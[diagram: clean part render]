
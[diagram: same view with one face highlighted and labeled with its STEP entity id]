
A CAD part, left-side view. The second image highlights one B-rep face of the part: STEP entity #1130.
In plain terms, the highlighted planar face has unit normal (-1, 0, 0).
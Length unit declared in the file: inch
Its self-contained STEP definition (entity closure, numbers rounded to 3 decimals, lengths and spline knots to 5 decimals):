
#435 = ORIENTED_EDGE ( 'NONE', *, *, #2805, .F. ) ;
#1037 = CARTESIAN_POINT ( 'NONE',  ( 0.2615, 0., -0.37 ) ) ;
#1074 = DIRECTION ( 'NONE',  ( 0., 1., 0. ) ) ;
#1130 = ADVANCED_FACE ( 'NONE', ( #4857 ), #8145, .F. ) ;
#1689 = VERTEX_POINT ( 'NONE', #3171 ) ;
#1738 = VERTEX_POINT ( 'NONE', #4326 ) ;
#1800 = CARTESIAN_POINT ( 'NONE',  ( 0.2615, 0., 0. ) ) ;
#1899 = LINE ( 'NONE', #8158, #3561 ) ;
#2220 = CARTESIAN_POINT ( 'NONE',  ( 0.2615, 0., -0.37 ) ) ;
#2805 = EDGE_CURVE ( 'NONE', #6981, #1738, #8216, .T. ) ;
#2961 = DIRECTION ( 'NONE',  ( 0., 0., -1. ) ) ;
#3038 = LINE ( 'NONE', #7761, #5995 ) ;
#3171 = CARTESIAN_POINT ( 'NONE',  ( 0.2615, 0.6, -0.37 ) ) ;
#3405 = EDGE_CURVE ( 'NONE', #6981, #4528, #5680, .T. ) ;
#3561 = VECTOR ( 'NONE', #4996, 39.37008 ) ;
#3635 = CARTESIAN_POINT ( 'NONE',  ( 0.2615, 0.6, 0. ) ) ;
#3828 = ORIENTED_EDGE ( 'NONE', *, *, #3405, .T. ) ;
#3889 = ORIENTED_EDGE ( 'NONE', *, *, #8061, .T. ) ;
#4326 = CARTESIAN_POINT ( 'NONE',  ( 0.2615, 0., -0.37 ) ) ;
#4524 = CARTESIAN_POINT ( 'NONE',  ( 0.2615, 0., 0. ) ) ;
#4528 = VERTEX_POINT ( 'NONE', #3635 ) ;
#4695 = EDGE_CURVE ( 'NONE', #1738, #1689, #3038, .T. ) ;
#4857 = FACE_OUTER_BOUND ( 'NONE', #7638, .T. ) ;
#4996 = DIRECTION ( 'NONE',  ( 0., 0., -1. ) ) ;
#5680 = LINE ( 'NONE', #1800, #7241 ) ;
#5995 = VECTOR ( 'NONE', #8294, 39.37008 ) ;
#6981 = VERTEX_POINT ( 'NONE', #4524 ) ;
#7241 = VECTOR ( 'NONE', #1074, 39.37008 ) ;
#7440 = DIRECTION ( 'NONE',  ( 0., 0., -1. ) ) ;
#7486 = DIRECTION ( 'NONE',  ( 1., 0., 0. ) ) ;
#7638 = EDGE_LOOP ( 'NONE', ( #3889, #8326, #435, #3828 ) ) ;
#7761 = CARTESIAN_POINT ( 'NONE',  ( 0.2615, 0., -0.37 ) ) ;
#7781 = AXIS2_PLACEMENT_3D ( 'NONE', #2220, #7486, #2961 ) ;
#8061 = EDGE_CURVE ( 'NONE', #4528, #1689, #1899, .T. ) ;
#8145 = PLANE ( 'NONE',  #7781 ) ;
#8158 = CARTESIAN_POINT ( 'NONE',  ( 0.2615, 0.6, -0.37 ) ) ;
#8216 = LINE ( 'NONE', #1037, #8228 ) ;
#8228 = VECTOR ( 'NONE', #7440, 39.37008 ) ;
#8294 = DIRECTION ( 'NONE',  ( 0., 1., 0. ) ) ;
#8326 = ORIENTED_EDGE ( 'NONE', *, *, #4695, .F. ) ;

====================

## Task directions
Set down only the lines above that fall between the line holding "#1689 = VERTEX_POINT ( 'NONE', #3171 ) ;" and the line holding "#4857 = FACE_OUTER_BOUND", inclusive, keeping each exact.

## Response
#1689 = VERTEX_POINT ( 'NONE', #3171 ) ;
#1738 = VERTEX_POINT ( 'NONE', #4326 ) ;
#1800 = CARTESIAN_POINT ( 'NONE',  ( 0.2615, 0., 0. ) ) ;
#1899 = LINE ( 'NONE', #8158, #3561 ) ;
#2220 = CARTESIAN_POINT ( 'NONE',  ( 0.2615, 0., -0.37 ) ) ;
#2805 = EDGE_CURVE ( 'NONE', #6981, #1738, #8216, .T. ) ;
#2961 = DIRECTION ( 'NONE',  ( 0., 0., -1. ) ) ;
#3038 = LINE ( 'NONE', #7761, #5995 ) ;
#3171 = CARTESIAN_POINT ( 'NONE',  ( 0.2615, 0.6, -0.37 ) ) ;
#3405 = EDGE_CURVE ( 'NONE', #6981, #4528, #5680, .T. ) ;
#3561 = VECTOR ( 'NONE', #4996, 39.37008 ) ;
#3635 = CARTESIAN_POINT ( 'NONE',  ( 0.2615, 0.6, 0. ) ) ;
#3828 = ORIENTED_EDGE ( 'NONE', *, *, #3405, .T. ) ;
#3889 = ORIENTED_EDGE ( 'NONE', *, *, #8061, .T. ) ;
#4326 = CARTESIAN_POINT ( 'NONE',  ( 0.2615, 0., -0.37 ) ) ;
#4524 = CARTESIAN_POINT ( 'NONE',  ( 0.2615, 0., 0. ) ) ;
#4528 = VERTEX_POINT ( 'NONE', #3635 ) ;
#4695 = EDGE_CURVE ( 'NONE', #1738, #1689, #3038, .T. ) ;
#4857 = FACE_OUTER_BOUND ( 'NONE', #7638, .T. ) ;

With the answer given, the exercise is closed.